20. Read more Murakami 

Read more in general, but that sounded a bit too cliche. Dad introduced me to Murakami’s world a while ago (I wrote about it here) and it’s a twisted, yet beautiful world. Full of metaphors I adore, and events or characters I don’t understand (which I usually don’t like in novels but here it’s the whole point of them). Less Sparks, more Haruki!

21. Finish what you start(ed) 

A flash in the pan – I think that’s the accurate translation. So many unfinished journals, barely scratched projects, ideas.. Getting this blog going is one of them. I get discouraged way to easily and it’s always been this way.
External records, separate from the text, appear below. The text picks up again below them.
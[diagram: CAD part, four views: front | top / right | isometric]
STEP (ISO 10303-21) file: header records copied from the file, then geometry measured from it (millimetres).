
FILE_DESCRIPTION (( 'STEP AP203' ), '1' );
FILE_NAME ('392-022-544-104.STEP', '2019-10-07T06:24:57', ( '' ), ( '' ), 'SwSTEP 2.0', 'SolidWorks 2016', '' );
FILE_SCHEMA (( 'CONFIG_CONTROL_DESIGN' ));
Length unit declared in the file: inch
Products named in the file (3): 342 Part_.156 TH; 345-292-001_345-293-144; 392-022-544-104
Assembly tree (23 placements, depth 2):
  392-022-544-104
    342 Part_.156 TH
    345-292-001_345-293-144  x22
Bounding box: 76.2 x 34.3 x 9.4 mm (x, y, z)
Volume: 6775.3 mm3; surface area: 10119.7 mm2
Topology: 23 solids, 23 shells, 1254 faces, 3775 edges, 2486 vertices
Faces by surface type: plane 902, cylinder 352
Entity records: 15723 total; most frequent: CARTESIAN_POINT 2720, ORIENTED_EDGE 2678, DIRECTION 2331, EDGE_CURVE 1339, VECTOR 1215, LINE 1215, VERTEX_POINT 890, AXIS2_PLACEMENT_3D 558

Maybe it’s high time I changed that.

22. Love your body as it is, but don’t neglect it 

The way I see it, there’s a fine line between “I love and accept my love handles” and “I will eat the contents of the entire fridge, because I don’t care about my weight.” Kilograms are not just about looks, and I am still learning that. What you put in yours body can be damaging it from the inside. So less stressing about muffin tops, but also less muffins. Who needs diabetes when they’re 22, not to mention high cholesterol. I should save that for when I’m really old (30).